Source records:
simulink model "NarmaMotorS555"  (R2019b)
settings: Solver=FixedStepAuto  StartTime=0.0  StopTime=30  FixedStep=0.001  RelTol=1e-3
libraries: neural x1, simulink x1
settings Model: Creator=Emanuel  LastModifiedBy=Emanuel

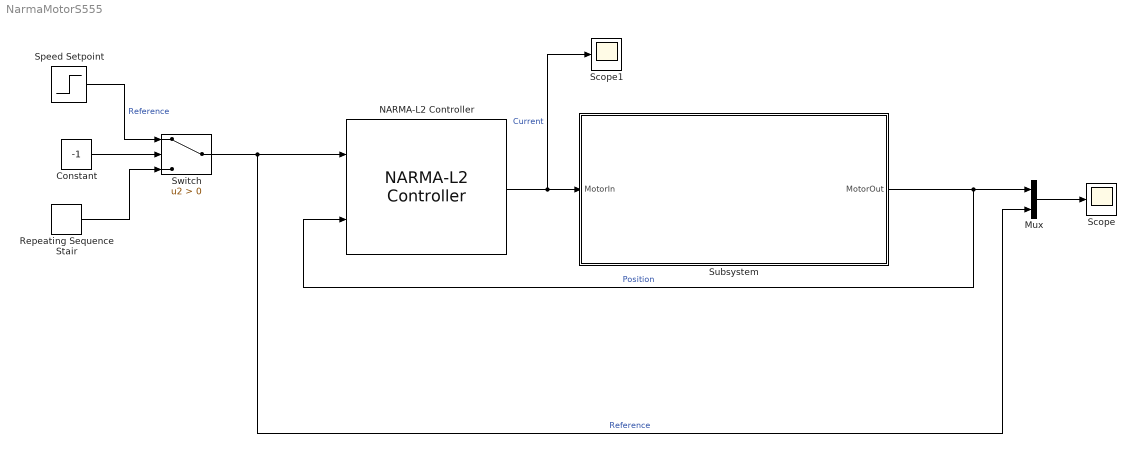
== system NarmaMotorS555 ==
  Constant : Constant  Value=-1
  Mux : Mux  Inputs=2
  NARMA-L2 Controller : neural/Control Systems/NARMA-L2 Controller  Normalize=0  IW1_1=[21.420472575406133586 -21.972703296207392043 -7.9906893081249545929 7.0093970032024079941 8.5373540872644628763 8.8150101640927438496 -2.9213191886093334837 -1.6299775720800899759 -1.2105815169084979122;-0.12814212482981091057 -15.451137614433791967 23.631470507291648886 8.1296696368918119902 -15.652038067620965833 46.375391110128518335 -18.123857574027180561 2.2201217276273146339 -5.7721001387385229009;0.00011021763309481335483 -2.9231777266735832472e-05 1.0017262420479688574e-05 4.4951441027179193515e-06 -1.3997667040411272311e-05 0.00015970236645007296014 -1.3053492369251622356e-05 -0.00010774931406669859316 -0.00020601444658894911294;-10.80852230598250685 2.9694610081311818561 23.641173482018462693 -8.9374523387581881195 -6.2415329671022758973 -12.804217284426561818 8.9963311782389041582 6.791537241510962275 -12.300046900155798824;-2.5462998703491250829 0.40736130073714715838 -18.235100932779950256 1.6768821975697136839 20.314826651060510443 8.341267777448827303 31.645810426981082486 20.102565537518792382 -8.4636642447471075457]  IW3_2=[26.518110030274044675 11.942738916641486568 5.9317929528543604789 -12.906642684649902719 -35.475911845893101315 -0.11447224640092470982 1.1036063891538443471 1.2539998649502879235 1.9551365056904561612;-39.675892314256245186 -12.346459002706955843 12.885795078472623842 15.915516809313654534 24.244911915898089916 -3.9565933976663298921 -13.490028317496282284 -1.9222873594971927602 1.9450222464410471535;-0.49775896817409004402 -20.203686361997281296 15.185910851212808481 6.5982122964106935115 -3.3039127819307578804 5.661531661101603774 1.0333906568373585344 3.2167073441307101334 2.3975065135655868609;-18.741605900013510677 17.739672652356080818 -8.5348038689952723246 -1.7678605588439249008 10.151016666991511173 6.010383209140059968 3.0879575435889647927 6.4865290493294747165 -2.8848587536067671344;9.4392585237701105427 8.6634826964493463208 5.7064818124290734858 4.3740389144362650242 4.6910020487183228255 0.25543532051108375214 0.37978770358499319704 0.25144757086620406206 -0.19880708237697139462]  IW5_3=-3.3096476108531893701  LW2_1=[-33.532867616268568156 -0.062278984235911556688 -126.85135625090671851 -0.22775640561207807777 0.011587551941983549944]  LW4_3=[-0.12271840530871241937 0.019979545310268350539 3.9480102969725656692 -3.8012667565729301167 -4.8370809941710657398]  LW5_4=0.32653514050989068673  LW6_5=0.51420792674405046974  LW6_2=-96.852303453609138728  B1=[2.427680381206728466;-3.6329489870410958119;-0.54248700650812542445;-2.1490981445194363708;1.4125184441117009104]  B2=-34.159715705337887925  B3=[5.6421171826928011583;-1.3367611274533106602;0.50921321783681250395;-3.4202773292942754146;2.3122705363903719444]  B4=-5.5660771533707817937  Limit_output=0  min_output=-Inf  max_output=Inf  Use_Previous_Weights=1  Ts=0.05  S1=5  Ni=5  Nj=5  sim_file=SoleModelNoDistrubance  trainfun=trainlm  Use_validation=1  Use_Testing=1  max_i=40  min_i=1  max_i_int=4  min_i_int=2  sam_training=10000  epochs=100  minp=1.2838861864609374397  maxp=39.753006491435613157  mint=2000.3866487334141766  maxt=39.753006491435613157
      settings: SourceProductName=Deep Learning Toolbox  SourceProductBaseCode=NN
  Repeating Sequence Stair : simulink/Sources/Repeating Sequence Stair  OutValues=[1000 2000 3000 4000 5000].'  tsamp=4  OutMin=[]  OutMax=[]  OutDataTypeStr=double  OutputDataTypeScalingMode=double  OutDataType=fixdt(0,8)  ConRadixGroup=Best Precision: Vector-wise  OutScaling=2^-12
  Scope : Scope
  Scope1 : Scope
  Speed Setpoint : Step  Time=5  Before=2000  After=3000  SampleTime=0
  Subsystem : Subsystem
  Switch : Switch  Criteria=u2 > Threshold
  wires:
  NARMA-L2 Controller/1 -> Scope1/1, Subsystem/1(MotorIn)  "Current"
  Subsystem/1("MotorOut ") -> NARMA-L2 Controller/2, Mux/1  "Position"
  Mux/1 -> Scope/1
  Switch/1 -> Mux/2, NARMA-L2 Controller/1  "Reference"
  Repeating Sequence Stair/1 -> Switch/3
  Speed Setpoint/1 -> Switch/1  "Reference"
  Constant/1 -> Switch/2

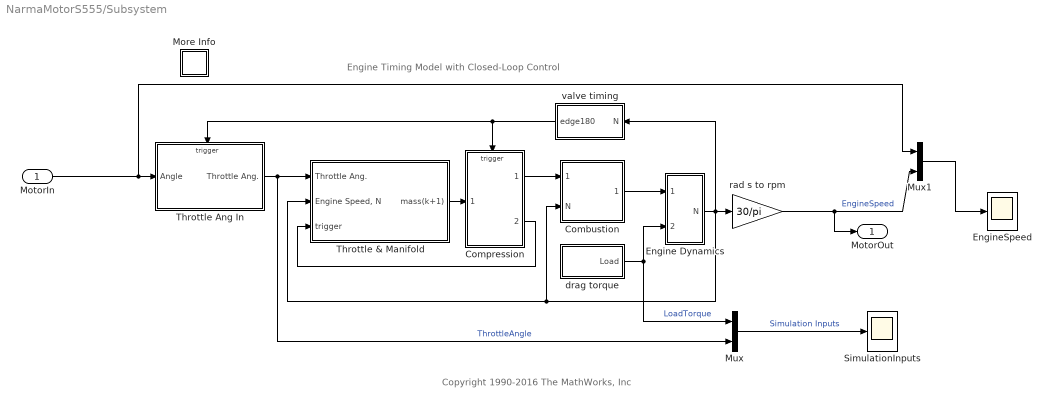
== system NarmaMotorS555/Subsystem ==
  note: Copyright 1990-2016 The MathWorks, Inc
  note: Engine Timing Model with Closed-Loop Control
  MotorIn : Inport
  Combustion : Subsystem
  Compression : Subsystem  TreatAsAtomicUnit=on
  Engine Dynamics : Subsystem
  EngineSpeed : Scope
  More Info : Subsystem
      settings: OpenFcn=showdemo(bdroot(gcb))
      mask Display: disp('?')
  Mux : Mux  Inputs=2
  Mux1 : Mux  Inputs=2
  SimulationInputs : Scope
  Throttle & Manifold : Subsystem
  Throttle Ang In : Subsystem  TreatAsAtomicUnit=on
  drag torque : Subsystem
  rad s to rpm : Gain  Gain=30/pi  SaturateOnIntegerOverflow=on  OutDataTypeStr=Inherit: Same as input  ParamDataTypeStr=Inherit: Same as input
  valve timing : Subsystem
  "MotorOut " : Outport
  wires:
  Combustion/1(Torque) -> Engine Dynamics/1(Teng)
  Throttle Ang In/1(Throttle Ang.) -> Mux/2, Throttle & Manifold/1(Throttle Ang.)  "ThrottleAngle"
  drag torque/1(Load) -> Mux/1, Engine Dynamics/2(Tload)  "LoadTorque"
  MotorIn/1 -> Mux1/1, Throttle Ang In/1(Angle)
  Throttle & Manifold/1(mass(k+1)) -> Compression/1(mass(k+1))
  Compression/2(trigger) -> Throttle & Manifold/3(trigger)
  Mux/1 -> SimulationInputs/1  "Simulation Inputs"
  rad s to rpm/1 -> "MotorOut "/1, Mux1/2  "EngineSpeed"
  Compression/1(mass(k)) -> Combustion/1(Air Charge)
  Mux1/1 -> EngineSpeed/1
  valve timing/1(edge180) -> Throttle Ang In/Trigger, Compression/Trigger
  Engine Dynamics/1(N) -> rad s to rpm/1, valve timing/1(N), Throttle & Manifold/2("Engine Speed, N"), Combustion/2(N)

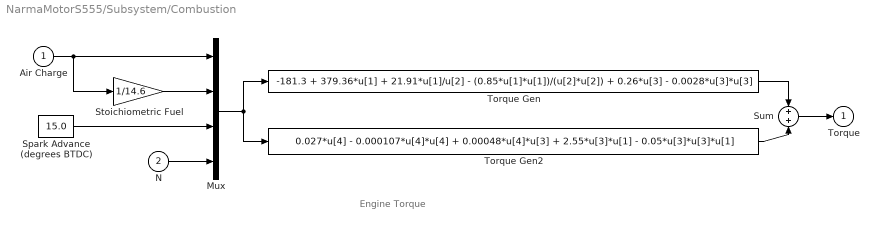
== system NarmaMotorS555/Subsystem/Combustion ==
  note: Engine Torque
  Air Charge : Inport
  N : Inport  Port=2
  Mux : Mux
  Spark Advance (degrees BTDC) : Constant  Value=15.0
  Stoichiometric Fuel : Gain  Gain=1/14.6  SaturateOnIntegerOverflow=on  OutDataTypeStr=Inherit: Same as input  ParamDataTypeStr=Inherit: Same as input
  Sum : Sum  SaturateOnIntegerOverflow=on  InputSameDT=on  OutDataTypeStr=Inherit: Same as first input
  Torque Gen : Fcn  Expr=-181.3 + 379.36*u[1] + 21.91*u[1]/u[2] - (0.85*u[1]*u[1])/(u[2]*u[2]) + 0.26*u[3] - 0.0028*u[3]*u[3]
  Torque Gen2 : Fcn  Expr=0.027*u[4] - 0.000107*u[4]*u[4] + 0.00048*u[4]*u[3] + 2.55*u[3]*u[1] - 0.05*u[3]*u[3]*u[1]
  Torque : Outport  InitialOutput=0
  wires:
  Stoichiometric Fuel/1 -> Mux/2
  Spark Advance (degrees BTDC)/1 -> Mux/3
  N/1 -> Mux/4
  Air Charge/1 -> Stoichiometric Fuel/1, Mux/1
  Mux/1 -> Torque Gen/1, Torque Gen2/1
  Torque Gen2/1 -> Sum/2
  Torque Gen/1 -> Sum/1
  Sum/1 -> Torque/1

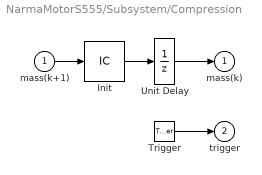
== system NarmaMotorS555/Subsystem/Compression ==
  mass(k+1) : Inport
  Trigger : TriggerPort  TriggerType=either  VariantControl=Variant  ShowOutputPort=on
  Init : InitialCondition  Value=0.152
  Unit Delay : UnitDelay  InitialCondition=0.152  SampleTime=-1  HasFrameUpgradeWarning=on
  mass(k) : Outport  InitialOutput=0.152
  trigger : Outport  Port=2  InitialOutput=-1
  wires:
  Init/1 -> Unit Delay/1
  mass(k+1)/1 -> Init/1
  Unit Delay/1 -> mass(k)/1
  Trigger/1 -> trigger/1

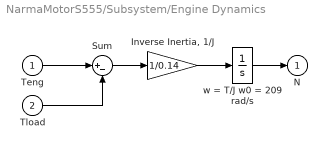
== system NarmaMotorS555/Subsystem/Engine Dynamics ==
  Teng : Inport
  Tload : Inport  Port=2
  "Inverse Inertia, 1/J" : Gain  Gain=1/0.14  SaturateOnIntegerOverflow=on  OutDataTypeStr=Inherit: Same as input  ParamDataTypeStr=Inherit: Same as input
  Sum : Sum  Inputs=|+-  SaturateOnIntegerOverflow=on  InputSameDT=on  OutDataTypeStr=Inherit: Same as first input
  w = T/J w0 = 209 rad/s : Integrator  InitialCondition=209.48
  N : Outport  InitialOutput=0
  wires:
  "Inverse Inertia, 1/J"/1 -> w = T/J w0 = 209 rad/s/1
  w = T/J w0 = 209 rad/s/1 -> N/1
  Sum/1 -> "Inverse Inertia, 1/J"/1
  Teng/1 -> Sum/1
  Tload/1 -> Sum/2

== system NarmaMotorS555/Subsystem/More Info ==

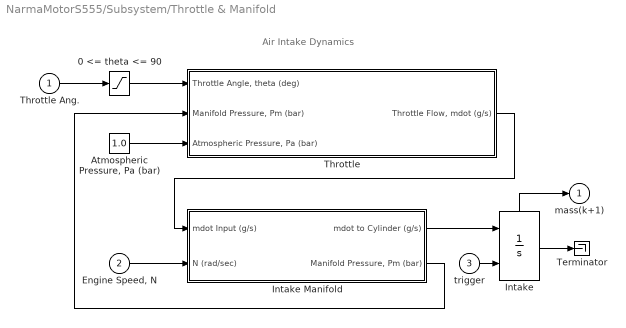
== system NarmaMotorS555/Subsystem/Throttle & Manifold ==
  note: Air Intake Dynamics
  Throttle Ang. : Inport
  "Engine Speed, N" : Inport  Port=2
  trigger : Inport  Port=3
  0 <= theta <= 90 : Saturate  UpperLimit=90  LowerLimit=0
  "Atmospheric Pressure, Pa (bar)" : Constant  Value=1.0
  Intake : Integrator  ExternalReset=either  ShowStatePort=on
  Intake Manifold : Subsystem
  Terminator : Terminator
  Throttle : Subsystem
  mass(k+1) : Outport  InitialOutput=0
  wires:
  0 <= theta <= 90/1 -> Throttle/1("Throttle Angle, theta (deg)")
  Throttle Ang./1 -> 0 <= theta <= 90/1
  Throttle/1("Throttle Flow, mdot (g/s)") -> Intake Manifold/1(mdot Input (g/s))
  "Engine Speed, N"/1 -> Intake Manifold/2(N (rad/sec))
  Intake Manifold/2("Manifold Pressure, Pm (bar)") -> Throttle/2("Manifold Pressure, Pm (bar)")
  Intake Manifold/1(mdot to Cylinder (g/s)) -> Intake/1
  "Atmospheric Pressure, Pa (bar)"/1 -> Throttle/3("Atmospheric Pressure, Pa (bar) ")
  Intake/State -> mass(k+1)/1
  trigger/1 -> Intake/2
  Intake/1 -> Terminator/1

== system NarmaMotorS555/Subsystem/Throttle Ang In ==
  note: Controller Subsystem
  Angle : Inport
  Trigger : TriggerPort  TriggerType=either  VariantControl=Variant
  Throttle Ang. : Outport  InitialOutput=8.973
  wires:
  Angle/1 -> Throttle Ang./1

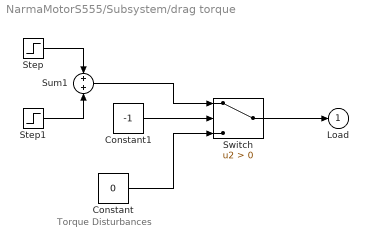
== system NarmaMotorS555/Subsystem/drag torque ==
  note: Torque Disturbances
  Constant : Constant  Value=0
  Constant1 : Constant  Value=-1
  Step : Step  Time=2  Before=25  After=20  SampleTime=0
  Step1 : Step  Time=8  After=5  SampleTime=0
  Sum1 : Sum  SaturateOnIntegerOverflow=on  InputSameDT=on  OutDataTypeStr=Inherit: Same as first input
  Switch : Switch  Criteria=u2 > Threshold
  Load : Outport  InitialOutput=0
  wires:
  Sum1/1 -> Switch/1
  Step/1 -> Sum1/1
  Step1/1 -> Sum1/2
  Switch/1 -> Load/1
  Constant/1 -> Switch/3
  Constant1/1 -> Switch/2

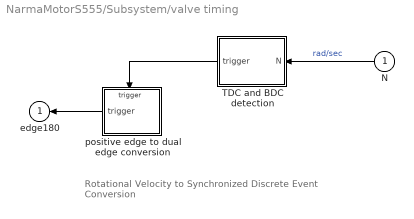
== system NarmaMotorS555/Subsystem/valve timing ==
  note: Rotational Velocity to Synchronized
      | Discrete Event Conversion
  N : Inport
  TDC and BDC detection : Subsystem
  positive edge to dual edge conversion : Subsystem  TreatAsAtomicUnit=on
  edge180 : Outport  InitialOutput=-1
  wires:
  TDC and BDC detection/1(trigger) -> positive edge to dual edge conversion/Trigger
  positive edge to dual edge conversion/1(trigger) -> edge180/1
  N/1 -> TDC and BDC detection/1(N)  "rad/sec"

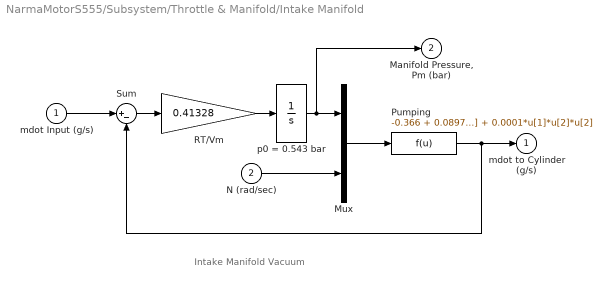
== system NarmaMotorS555/Subsystem/Throttle & Manifold/Intake Manifold ==
  note: Intake Manifold Vacuum
  mdot Input (g/s) : Inport
  N (rad/sec) : Inport  Port=2
  Mux : Mux  Inputs=2
  Pumping : Fcn  Expr=-0.366 + 0.08979*u[1]*u[2] - 0.0337*u[2]*u[1]*u[1] + 0.0001*u[1]*u[2]*u[2]
  RT/Vm : Gain  Gain=0.41328  SaturateOnIntegerOverflow=on  OutDataTypeStr=Inherit: Same as input  ParamDataTypeStr=Inherit: Same as input
  Sum : Sum  Inputs=|+-  SaturateOnIntegerOverflow=on  InputSameDT=on  OutDataTypeStr=Inherit: Same as first input
  p0 = 0.543 bar : Integrator  InitialCondition=.543
  mdot to Cylinder (g/s) : Outport  InitialOutput=0
  "Manifold Pressure, Pm (bar)" : Outport  Port=2  InitialOutput=0
  wires:
  mdot Input (g/s)/1 -> Sum/1
  RT/Vm/1 -> p0 = 0.543 bar/1
  N (rad/sec)/1 -> Mux/2
  Mux/1 -> Pumping/1
  p0 = 0.543 bar/1 -> Mux/1, "Manifold Pressure, Pm (bar)"/1
  Sum/1 -> RT/Vm/1
  Pumping/1 -> Sum/2, mdot to Cylinder (g/s)/1

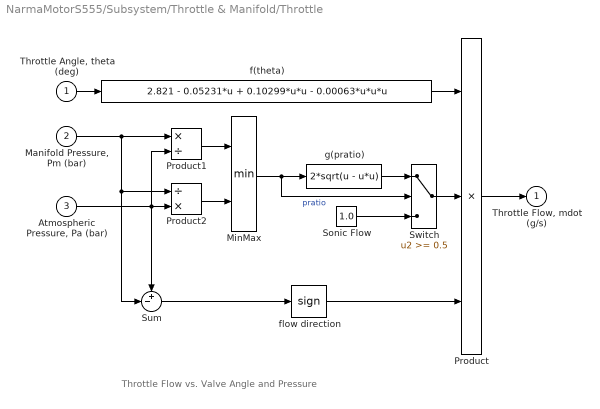
== system NarmaMotorS555/Subsystem/Throttle & Manifold/Throttle ==
  note: Throttle Flow vs. Valve Angle and Pressure
  "Throttle Angle, theta (deg)" : Inport
  "Manifold Pressure, Pm (bar)" : Inport  Port=2
  "Atmospheric Pressure, Pa (bar) " : Inport  Port=3
  MinMax : MinMax  Inputs=2  SaturateOnIntegerOverflow=on  InputSameDT=on
  Product : Product  Inputs=3  SaturateOnIntegerOverflow=on  RndMeth=Zero  InputSameDT=on  OutDataTypeStr=Inherit: Same as first input
  Product1 : Product  Inputs=*/  SaturateOnIntegerOverflow=on  RndMeth=Zero  InputSameDT=on  OutDataTypeStr=Inherit: Same as first input
  Product2 : Product  Inputs=/*  SaturateOnIntegerOverflow=on  RndMeth=Zero  InputSameDT=on  OutDataTypeStr=Inherit: Same as first input
  "Sonic Flow " : Constant  Value=1.0
  Sum : Sum  Inputs=+-|  SaturateOnIntegerOverflow=on  InputSameDT=on  OutDataTypeStr=Inherit: Same as first input
  Switch : Switch  Threshold=0.5  SaturateOnIntegerOverflow=on  InputSameDT=on
  f(theta) : Fcn  Expr=2.821 - 0.05231*u + 0.10299*u*u - 0.00063*u*u*u
  flow direction : Signum
  g(pratio) : Fcn  Expr=2*sqrt(u - u*u)
  "Throttle Flow, mdot (g/s)" : Outport  InitialOutput=0
  wires:
  "Manifold Pressure, Pm (bar)"/1 -> Sum/2, Product2/1, Product1/1
  Product2/1 -> MinMax/2
  Product1/1 -> MinMax/1
  "Atmospheric Pressure, Pa (bar) "/1 -> Sum/1, Product2/2, Product1/2
  g(pratio)/1 -> Switch/1
  "Sonic Flow "/1 -> Switch/3
  Switch/1 -> Product/2
  flow direction/1 -> Product/3
  Sum/1 -> flow direction/1
  MinMax/1 -> Switch/2, g(pratio)/1  "pratio"
  "Throttle Angle, theta (deg)"/1 -> f(theta)/1
  Product/1 -> "Throttle Flow, mdot (g/s)"/1
  f(theta)/1 -> Product/1

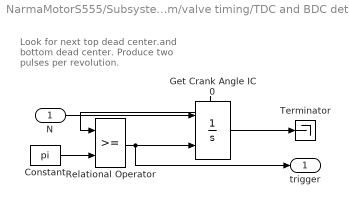
== system NarmaMotorS555/Subsystem/valve timing/TDC and BDC detection ==
  note: Look for next top dead center.and
      | bottom dead center.
      | Produce two pulses per revolution.
  N : Inport
  Constant : Constant  Value=pi
  Get Crank Angle IC 0 : Integrator  ExternalReset=rising  ShowStatePort=on
  Relational Operator : RelationalOperator  OutDataTypeStr=boolean  RndMeth=Nearest  InputSameDT=on
  Terminator : Terminator
  trigger : Outport  InitialOutput=0
  wires:
  N/1 -> Get Crank Angle IC 0/1
  Relational Operator/1 -> trigger/1, Get Crank Angle IC 0/2
  Constant/1 -> Relational Operator/2
  Get Crank Angle IC 0/State -> Relational Operator/1
  Get Crank Angle IC 0/1 -> Terminator/1

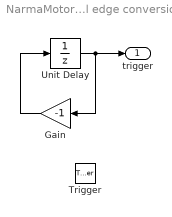
== system NarmaMotorS555/Subsystem/valve timing/positive edge to dual edge conversion ==
  Trigger : TriggerPort  VariantControl=Variant
  Gain : Gain  Gain=-1  SaturateOnIntegerOverflow=on  OutDataTypeStr=Inherit: Same as input  ParamDataTypeStr=Inherit: Same as input
  Unit Delay : UnitDelay  InitialCondition=1  SampleTime=-1  HasFrameUpgradeWarning=on
  trigger : Outport  InitialOutput=-1
  wires:
  Gain/1 -> Unit Delay/1
  Unit Delay/1 -> trigger/1, Gain/1

> [What the task asks] Of the entries above, transcribe exactly those lines that fall between the line containing "Stoichiometric Fuel/1 -> Mux/2" and the line containing "Sum/1 -> Torque/1", together with those two lines.

> [Answer to the exercise]
  Stoichiometric Fuel/1 -> Mux/2
  Spark Advance (degrees BTDC)/1 -> Mux/3
  N/1 -> Mux/4
  Air Charge/1 -> Stoichiometric Fuel/1, Mux/1
  Mux/1 -> Torque Gen/1, Torque Gen2/1
  Torque Gen2/1 -> Sum/2
  Torque Gen/1 -> Sum/1
  Sum/1 -> Torque/1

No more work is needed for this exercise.